Ich habe sehr wohl verstanden worum es geht. Schon alleine auf Grund meiner Homepage sind meine Daten online zu finden und von daher ist mir das relativ egal. 

Und Abbuchungen kann man, wie schon bereits vor einigen Seiten erwähnt, immer zurückbuchen lassen. 

Des weiteren urteilen hier die meisten ohne Hintergründe zu kennen (die ich auch nicht kenne). 16  Seiten und davon 80% geflame. Ich würde erst mal abwarten und nicht direkt Dinge schreiben wie "geh direkt zur Polizei und erstatte Anzeige"...


----------



## KILLTHIS (7. Februar 2011)

Ich habe die gleiche Email bekommen. Habe etwas weiter unten geschaut - dort lies sich ein Link klicken woraufhin mir gemeldet wurde, dass diese Form der Werbung in Zukunft unterlassen wurde.


----------



## KOF328 (7. Februar 2011)

Das steht da nur damit du Bestätigst, dass es die Mailadresse wirklich gibt.  Du kannst dich auf mehr Spam gefasst machen...


----------



## fuddles (7. Februar 2011)

KILLTHIS schrieb:


> Ich habe die gleiche Email bekommen. Habe etwas weiter unten geschaut - dort lies sich ein Link klicken woraufhin mir gemeldet wurde, dass diese Form der Werbung in Zukunft unterlassen wurde.

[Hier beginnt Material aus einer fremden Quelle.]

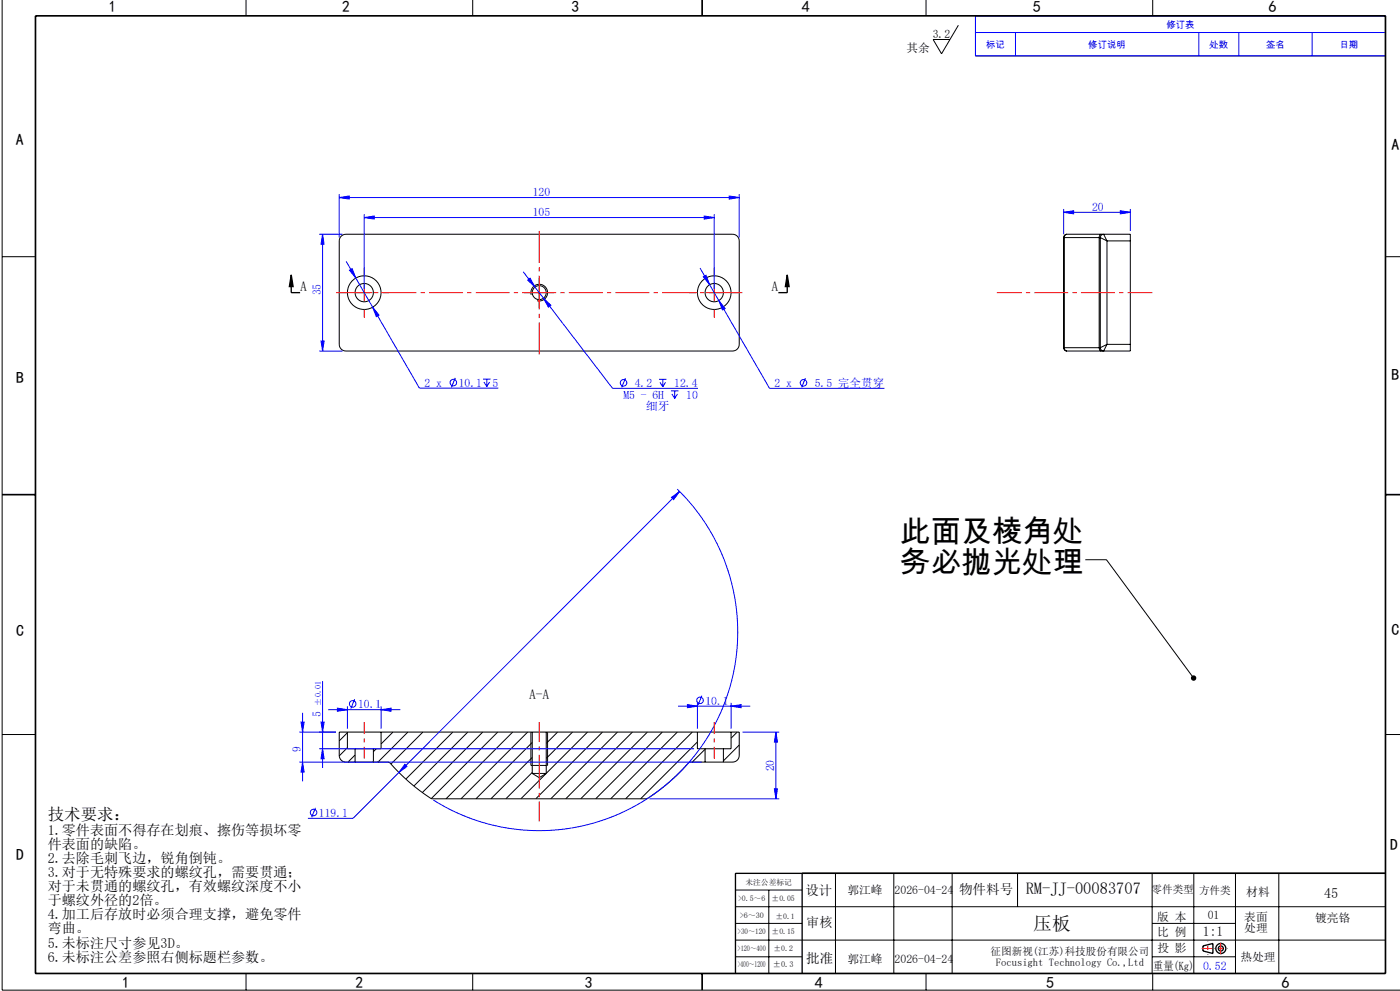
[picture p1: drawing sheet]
<svg xmlns="http://www.w3.org/2000/svg" width="420mm" height="297mm" viewBox="0 0 420 297" stroke-linecap="round" stroke-linejoin="round" font-family="sans-serif">
<g fill="none" stroke="#000" stroke-width=".3">
<path d="M.6 0v296.7h419.4M73.8 0v4.7M141.8 0v4.7M277.8 0v4.7M345.8 0v4.7M287.5 7.6l-5 8.5-2.6-4.3h5.1M292.6 4.7h123v12h-123zM.6 76.9h10M102.4 70.8l.6-.4 .8-.2h116a2 2 0 0 1 2 2v31a2 2 0 0 1-2 2h-116a2 2 0 0 1-2-2v-31l.1-.8zM319.1 71.2h.2M319.1 71.2v33M319.3 71.2h10.5"/>
<path d="M319.3 71.2v33M320.1 70.2a.93 .93 0 0 0-.8 1M320.1 70.2h10.3M320.1 70.2a1 1 0 0 0-1 1M329.8 71.2h.3M329.8 71.2v33M330.1 71.2l2 1M330.1 71.2v33M330.4 70.2a.89 .89 0 0 0-.6 1M330.4 70.2h.7M331.1 70.2l1 2M331.1 70.2h8v2"/>
<path d="M331.1 70.2a1 1 0 0 0-1 1M332.1 72.2h7M332.1 72.2v31M339.1 72.2v31M415.6 76.9h4.4M159.4 88.4a2.5 2.5 0 0 1 2.2-3.2 2.5 2.5 0 0 1 2.7 2.7 2.5 2.5 0 0 1-3.2 2.2M319.1 104.2a1 1 0 0 0 1 1M319.1 104.2h.2M319.3 104.2a.93 .93 0 0 0 .8 1M319.3 104.2h10.5M320.1 105.2h10.3M329.8 104.2a.89 .89 0 0 0 .6 1"/>
<path d="M329.8 104.2h.3M330.1 104.2a1 1 0 0 0 1 1M330.4 105.2h.7M332.1 103.2l-2 1M332.1 103.2l-1 2M332.1 103.2h7M339.1 103.2v2h-8M325.6 167.7h6.3l26.2 35.5M104.2 219.4h-2.4v7a2 2 0 0 0 2 2h2.7M104.2 219.4h10.1M104.2 219.4v5h2.3M104.2 219.6l-2.4 2.4"/>
<path d="M114.3 219.4h45.4M114.3 219.4v5h-2.3M117.9 219.4l-3.6 3.6M122.4 219.4l-9 9M126.9 219.4l-9.6 9.6M135.8 219.4l-14 14.1M140.3 219.4l-16.1 16.2M144.8 219.4l-18.1 18.1M149.3 219.4l-19.9 19.9M153.8 219.4l-20 20M158.3 219.4l-20 20M159.3 219.4v10h5v-10"/>
<path d="M159.7 219.4h4.2M159.7 219.4v12.4M163.9 219.4v12.4M163.9 219.4h45.3M167.3 219.4l-3.4 3.4M171.8 219.4l-7.9 7.9M176.3 219.4l-20 20M180.8 219.4l-20 20M185.2 219.4l-20 20M189.7 219.4l-20 20M194.2 219.4l-20 20M198.7 219.4l-20 20"/>
<path d="M203.2 219.4l-20 20M207.7 219.4l-20 20M209.2 219.4h10.1M209.2 219.4v5h2.3M219.3 219.4h2.5v7a2 2 0 0 1-2 2h-2.8M219.3 219.4v5h-2.3M221.2 219.4l-1.9 1.8M.6 220.1h10M104.2 224.1l-2.4 2.4M106.5 224.4h5.5M106.5 228.4h5.5M106.5 224.4v4"/>
<path d="M106.5 226.3l-2.1 2.1M112 228.4h4.6a55.3 55.3 0 0 0 13.1 11h64.2a57.2 57.2 0 0 0 13-11h4.6M112 224.4v4M112.9 224.4l-.9 .9M159.7 231.8h4.2M159.7 231.8l2.1 1.3 2.1-1.3M159.7 222.5l-16.9 16.9M159.7 227l-12.4 12.4M159.7 231.5l-7.9 7.9M209.2 222.4l-17 17M211.5 224.4h5.5M211.5 228.4h5.5"/>
<path d="M211.5 224.4v4M211.5 224.5l-3.8 3.9M217 224.4v4M221.8 223.3l-4.8 4.7M415.6 220.1h4.4M220.6 271.7h195M220.6 276.7h20M220.6 266.7h20M230.6 266.7v25M250.6 261.7v30M268.1 261.7v30M285.6 261.7v30"/>
<path d="M305.3 261.7v10M345.6 261.7v30M345.6 276.7h25M358.1 261.7v30M370.6 261.7v30M383.6 261.7v30M73.8 291.7v5M141.8 291.7v5M220.6 281.7h195M220.6 286.7h20M277.8 291.7v5M345.6 286.7h25"/>
<path d="M345.8 291.7v5"/>
<circle cx="109.3" cy="87.7" r="2.75"/>
<circle cx="109.3" cy="87.7" r="5"/>
<circle cx="161.8" cy="87.7" r="2.1"/>
<circle cx="214.3" cy="87.7" r="2.75"/>
<circle cx="214.3" cy="87.7" r="5"/>
</g>
<g fill="none" stroke="#00f" stroke-width=".3">
<path d="M292.6 4.7h123v12h-123zM292.6 9.7h123M304.6 9.7v7M359.6 9.7v7M371.6 9.7v7M393.6 9.7v7M101.8 59.2l3-.5v1zM101.8 58.2v13M101.8 59.2h120M218.8 58.7l3 .5-3 .5zM221.8 58.2v13M95.8 70.2h7"/>
<path d="M96.8 70.2v35M96.8 70.2l.4 3h-.9zM103.9 78.3l7.9 13.8M109.3 65.2l3-.5v1zM109.3 64.2v22.5M109.3 65.2h105M211.3 64.7l3 .5-3 .5zM214.3 64.2v22.5M319.1 63.6l3-.4v.9zM319.1 62.6v7.6M319.1 63.6h20M336.1 63.2l3 .4-3 .5z"/>
<path d="M339.1 62.6v6.6M104.8 81l.8-.5 1.1 2.8zM111.8 92.1l1.9 2.3-.8 .5zM111.8 92.1l14 24.2h23.7M157 81.5l26.8 34.9h25.6M158.3 83.9l.7-.5 1.5 2.6zM163 89.4l2.2 2.1-.7 .5zM210 80.3l5.6 9.8M211 83l.8-.5 1.1 2.8zM215.6 90.1l1.9 2.3-.8 .5zM215.6 90.1l15.3 26.3h34.5M95.8 105.2h7"/>
<path d="M96.3 102.2h.9l-.4 3zM136.6 113.3l-1.1 2.8M144.9 113.6h2.2M145.2 114.5l.8 1.3M146 113.6v2.2M146.9 114.5l-.9 1.3M187.6 113.3l-1.1 2.8M197.7 113.7h2.2M198 114.6l.8 1.3M198.8 113.7v2.2M199.7 114.6l-.9 1.3M201.3 117.2h2.2"/>
<path d="M201.6 118.1l.8 1.3M202.4 117.2v2.2M203.2 118.1l-.8 1.3M241.6 113.3l-1.1 2.8M201.4 149.1l2.5-1.8-1.8 2.4zM203.2 146.6a59.5 59.5 0 0 1 5.4 79.6 59.5 59.5 0 0 1-78.6 13.6M203.9 147.3l-98 98h-13.5M89.8 219.4h11M90.3 216.4h.9l-.4 3zM90.8 213.6v20.6M96.3 216.4h.9l-.4 3zM96.8 204.1v26.1"/>
<path d="M98.5 212.7h21.6M101.2 212.2l3 .5-3 .5zM104.2 211.7v6.7M106.4 209.6l-1.1 2.7M114.3 212.7l3-.5v1zM114.3 211.7v6.7M203.5 211.6h21.6M206.2 211.2l3 .4-3 .5zM209.2 210.6v7.8M210.6 208.5l-1.2 2.8M219.3 211.6l3-.4v.9zM219.3 210.6v7.8"/>
<path d="M222.8 219.4h11M232.8 219.4v20M232.8 219.4l.4 3h-.9zM89.8 228.4h120.7M90.8 228.4l.4 3h-.9zM95.8 224.4h112.4M96.8 224.4l.4 3h-.9zM121.5 229.1l.6 .6-2.4 1.8zM194.8 239.4h39M232.3 236.4h.9l-.4 3zM94.6 242.1l-1.1 2.8"/>
<circle cx="136" cy="114.7" r=".98"/>
<circle cx="187.1" cy="114.7" r=".98"/>
<circle cx="241.1" cy="114.7" r=".98"/>
<circle cx="105.8" cy="211" r=".98"/>
<circle cx="210" cy="209.9" r=".98"/>
<circle cx="94.1" cy="243.5" r=".98"/>
</g>
<g fill="none" stroke="#000" stroke-width=".4">
<path d="M87.4 82.4l.5 3.5h-1.1zM87.4 82.4v5.3h2.6M236.2 82.4l.5 3.5h-1.1zM236.2 82.4v5.3h-2.7M240.6 261.7v30M415.6 261.7h-195v30M360.9 283.5l3-.7v3l-3-.8z"/>
<circle cx="366.2" cy="284.3" r="1.5"/>
<circle cx="366.2" cy="284.3" r=".75"/>
</g>
<g fill="none" stroke="#f00" stroke-width=".3" stroke-dasharray="10.2 1.3 1.3 1.3" stroke-linecap="butt">
<path d="M100.8 87.7h122M104.3 87.7h-2.6M109.3 82.7v-2.5M109.3 92.7v2.6M114.3 87.7h2.5M159.3 87.7h-2.1M161.8 85.2v-2.1M161.8 90.2v2.1M164.3 87.7h2.1M209.3 87.7h-2.6M214.3 82.7v-2.5M214.3 92.7v2.6"/>
<path d="M219.3 87.7h2.5"/>
</g>
<path d="M106.8 87.7h5M109.3 85.2v5M159.3 87.7h5M161.8 85.2v5M211.8 87.7h5M214.3 85.2v5" fill="none" stroke="#f00" stroke-width=".3"/>
<path d="M345.7 87.7h-46.7" fill="none" stroke="#f00" stroke-width=".3" stroke-dasharray="10.2 1.3 1.3 1.3" stroke-dashoffset="2.7" stroke-linecap="butt"/>
<path d="M161.8 246.2v-29.8" fill="none" stroke="#f00" stroke-width=".3" stroke-dasharray="10.2 1.3 1.3 1.3" stroke-dashoffset="4.2" stroke-linecap="butt"/>
<path d="M109.3 227.4v-11M214.3 227.4v-11" fill="none" stroke="#f00" stroke-width=".3" stroke-dasharray="10.2 1.3 1.3 1.3" stroke-dashoffset="6.6" stroke-linecap="butt"/>
<path d="M161.8 106.2v-37" fill="none" stroke="#f00" stroke-width=".3" stroke-dasharray="10.2 1.3 1.3 1.3" stroke-dashoffset=".5" stroke-linecap="butt"/>
<path d="M210.6 0v4.7M10.6 4.7h405v287h-405zM.6 148.2h10M415.6 148.2h4.4M210.6 291.7v5" fill="none" stroke="#000" stroke-width=".5"/>
<path d="M364.2 284.3h4.1" fill="none" stroke="#f00" stroke-width=".3" stroke-dasharray="6.3 1.3 1.3 1.3" stroke-dashoffset="6.2" stroke-linecap="butt"/>
<path d="M362.4 281.9v4.3" fill="none" stroke="#f00" stroke-width=".3" stroke-dasharray="6.3 1.3 1.3 1.3" stroke-dashoffset="6.1" stroke-linecap="butt"/>
<path d="M360.5 284.3h3.2M366.2 282.5v3.5" fill="none" stroke="#f00" stroke-width=".3" stroke-dasharray="6.3 1.3 1.3 1.3" stroke-linecap="butt"/>
<g fill="#000">
<path d="M357.6 202.6a.81 .81 0 0 1 1.1 .1 .81 .81 0 0 1-.1 1.2l-.5-.7 .5 .7a.81 .81 0 0 1-1.1-.2 .81 .81 0 0 1 .1-1.1z"/>
<path d="M236.2 82.4l.5 3.5h-1.1zM87.4 82.4l.5 3.5h-1.1z"/>
</g>
<g fill="#00f">
<path d="M109.3 65.2l3-.5v1zM211.3 64.7l3 .5-3 .5zM101.8 59.2l3-.5v1zM218.8 58.7l3 .5-3 .5zM211 83l1.9 2.3-1.1-2.8zM215.6 90.1l1.1 2.8 .8-.5zM158.3 83.9l2.2 2.1-1.5-2.6zM163 89.4l1.5 2.6 .7-.5zM104.8 81l1.9 2.3-1.1-2.8zM111.8 92.1l1.1 2.8 .8-.5zM101.2 212.2l3 .5-3 .5zM114.3 212.7l3-.5v1zM206.2 211.2l3 .4-3 .5zM219.3 211.6l3-.4v.9zM201.4 149.1l.7 .6 1.8-2.4zM121.5 229.1l-1.8 2.4 2.4-1.8zM319.1 63.6l3-.4v.9zM336.1 63.2l3 .4-3 .5z"/>
<path d="M90.8 228.4l.4 3h-.9zM90.3 216.4h.9l-.4 3zM232.3 236.4h.9l-.4 3zM232.8 219.4l.4 3h-.9z"/>
<path d="M96.8 70.2l.4 3h-.9zM96.3 102.2h.9l-.4 3zM96.3 216.4h.9l-.4 3zM96.8 224.4l.4 3h-.9z"/>
</g>
<g font-size="9.2">
<text x="270.1" y="162.5">此面及棱角处</text>
<text x="270.1" y="171.7">务必抛光处理</text>
</g>
<text font-size="5.6" x="310" y="278.7">压板</text>
<g font-size="4.9">
<text x="14.3" y="245.8">技术要求：</text>
<text x="307.7" y="268">RM-JJ-00083707</text>
</g>
<g font-size="4.8">
<text x="32.7" y="3.6">1</text>
<text x="102.6" y="3.6">2</text>
<text x="171.4" y="3.6">3</text>
<text x="240.5" y="3.6">4</text>
<text x="310" y="3.7">5</text>
<text x="380.5" y="3.5">6</text>
<text x="4.8" y="43.5">A</text>
<text x="417.5" y="45.1">A</text>
<text x="4.8" y="114.9">B</text>
<text x="417.5" y="114">B</text>
<text x="4.8" y="190.7">C</text>
<text x="417.5" y="190.2">C</text>
<text x="4.8" y="257.6">D</text>
<text x="417.1" y="254.7">D</text>
<text x="36.6" y="296.1">1</text>
<text x="106.6" y="296.1">2</text>
<text x="175.4" y="296.1">3</text>
<text x="244.5" y="296.1">4</text>
<text x="313.9" y="296.2">5</text>
<text x="384.5" y="296">6</text>
</g>
<g font-size="4.2">
<text x="14.3" y="250.1">1.零件表面不得存在划痕、擦伤等损坏零</text>
<text x="14.3" y="254.3">件表面的缺陷。</text>
<text x="14.3" y="258.6">2.去除毛刺飞边，锐角倒钝。</text>
<text x="14.3" y="262.8">3.对于无特殊要求的螺纹孔，需要贯通；</text>
<text x="14.3" y="267">对于未贯通的螺纹孔，有效螺纹深度不小</text>
<text x="397.2" y="269.1">45</text>
<text x="14.3" y="271.3">于螺纹外径的2倍。</text>
<text x="14.3" y="275.5">4.加工后存放时必须合理支撑，避免零件</text>
<text x="14.3" y="279.7">弯曲。</text>
<text x="14.3" y="284">5.未标注尺寸参见3D。</text>
<text x="14.3" y="288.2">6.未标注公差参照右侧标题栏参数。</text>
</g>
<g font-size="4.1">
<text x="90" y="87.2">A</text>
<text x="231.5" y="87.2">A</text>
<text x="158.7" y="209.5">A-A</text>
<text x="241.7" y="268.4">设计</text>
<text x="287.7" y="268.1">物件料号</text>
<text x="241.9" y="277.9">审核</text>
<text x="360.9" y="280.7">1:1</text>
<text x="241.9" y="288.5">批准</text>
</g>
<g font-size="3.5">
<text x="279.8" y="11.3">3.2</text>
<text x="271.9" y="15.6">其余</text>
<text x="254.2" y="268.1">郭江峰</text>
<text x="268.4" y="268.1">2026-04-24</text>
<text x="373.9" y="268.5">材料</text>
<text x="347.2" y="275.9">版 本</text>
<text x="362.3" y="275.4">01</text>
<text x="373.3" y="275.9">表面</text>
<text x="347.2" y="280.4">比 例</text>
<text x="373.3" y="279.4">处理</text>
<text x="394.6" y="276.3">镀亮铬</text>
<text x="347.2" y="285.2">投 影</text>
<text x="254.2" y="288.5">郭江峰</text>
<text x="268.4" y="288.5">2026-04-24</text>
<text x="345.9" y="290.7">重量(Kg)</text>
<text x="372.1" y="288">热处理</text>
</g>
<g font-size="3.5" fill="#00f">
<text x="159.8" y="58.7">120</text>
<text x="159.8" y="64.7">105</text>
<text x="327.7" y="63.1">20</text>
<text x="96.3" y="88.5" transform="rotate(-90 96.3 88.5)">35</text>
<text x="127.3" y="115.9">2 x</text>
<text x="137.6" y="115.9">10.1</text>
<text x="147.8" y="115.9">5</text>
<text x="187" y="119.5">M5 - 6H</text>
<text x="190.4" y="116">4.2</text>
<text x="202.3" y="116">12.4</text>
<text x="205.9" y="119.5">10</text>
<text x="232.4" y="116">2 x</text>
<text x="244.4" y="116">5.5 完全贯穿</text>
<text x="193.8" y="123">细牙</text>
<text x="96.3" y="214.9" transform="rotate(-90 96.3 214.9)">5</text>
<text x="107.4" y="212.2">10.1</text>
<text x="211.6" y="211.1">10.1</text>
<text x="90.3" y="225.4" transform="rotate(-90 90.3 225.4)">9</text>
<text x="232.3" y="231.2" transform="rotate(-90 232.3 231.2)">20</text>
<text x="95.7" y="244.8">119.1</text>
<text x="360.9" y="290.7">0.52</text>
</g>
<g font-size="3.2">
<text x="345.5" y="267.6">零件类型</text>
<text x="359.7" y="267.8">方件类</text>
<text x="297.2" y="286.2">征图新视(江苏)科技股份有限公司</text>
<text x="298.8" y="289.4">Focusight Technology Co.,Ltd</text>
</g>
<g font-size="2.8" fill="#00f">
<text x="349.9" y="8.4">修订表</text>
<text x="295.8" y="14.4">标记</text>
<text x="326.5" y="14.4">修订说明</text>
<text x="362.8" y="14.4">处数</text>
<text x="379.8" y="14.4">签名</text>
<text x="401.8" y="14.4">日期</text>
</g>
<g font-size="2.5">
<text x="221.3" y="289.9">&gt;400～1200</text>
<text x="231.9" y="289.9">±0.3</text>
</g>
<text font-size="2.4" fill="#00f" x="96.3" y="211.4" transform="rotate(-90 96.3 211.4)">±0.01</text>
<g font-size="2.3">
<text x="223.6" y="265.1">未注公差标记</text>
<text x="221.4" y="270.1">&gt;0.5～6</text>
<text x="221.9" y="275.2">&gt;6～30</text>
<text x="231.5" y="270.1">±0.05</text>
<text x="232.6" y="275.3">±0.1</text>
<text x="221.3" y="280">&gt;30～120</text>
<text x="231.5" y="280">±0.15</text>
<text x="221.3" y="285.1">&gt;120～400</text>
<text x="232.1" y="285.1">±0.2</text>
</g>
</svg>

*ACHTUNG BLOSS KEINEN DER LINKS KLICKEN. DAMIT WIRD SPAM ERST SO RICHTIG TÜR UND TOR GEÖFFNET.*

Herzlichen Glückwunsch Killthis und wenns ein Scherz von dir war dann aber ein ganz mieser....


----------



## maxe (7. Februar 2011)

Mir sind Spam sowieso total wayne, googlemail filter sowieso ALLES an Spam verlässlich heraus, ich hatte noch keine einzige Spam-Mail in meinem normalen Posteingang, und das andere Zeug im Spam-Ordner ist mir sowas von egal....    
Langsam driften wir echt immer weiter vom Thema ab !


----------



## fuddles (7. Februar 2011)

Wer driftet hier vom Thema ab? Höchstens du, weil dein googlemail ja alles so toll filtert......


----------



## Der Maniac (7. Februar 2011)

Naja, wo er recht hat...^^

Mal sehen was da am Ende bei rauskommt... Und mal sehen ob die die Sicherheitslücke schliessen und dann sagen/schreiben was falsch war bzw. wo die Daten durchgesickert sind.


----------



## KILLTHIS (7. Februar 2011)

KOF328 schrieb:


> Das steht da nur damit du Bestätigst, dass es die Mailadresse wirklich gibt.  Du kannst dich auf mehr Spam gefasst machen...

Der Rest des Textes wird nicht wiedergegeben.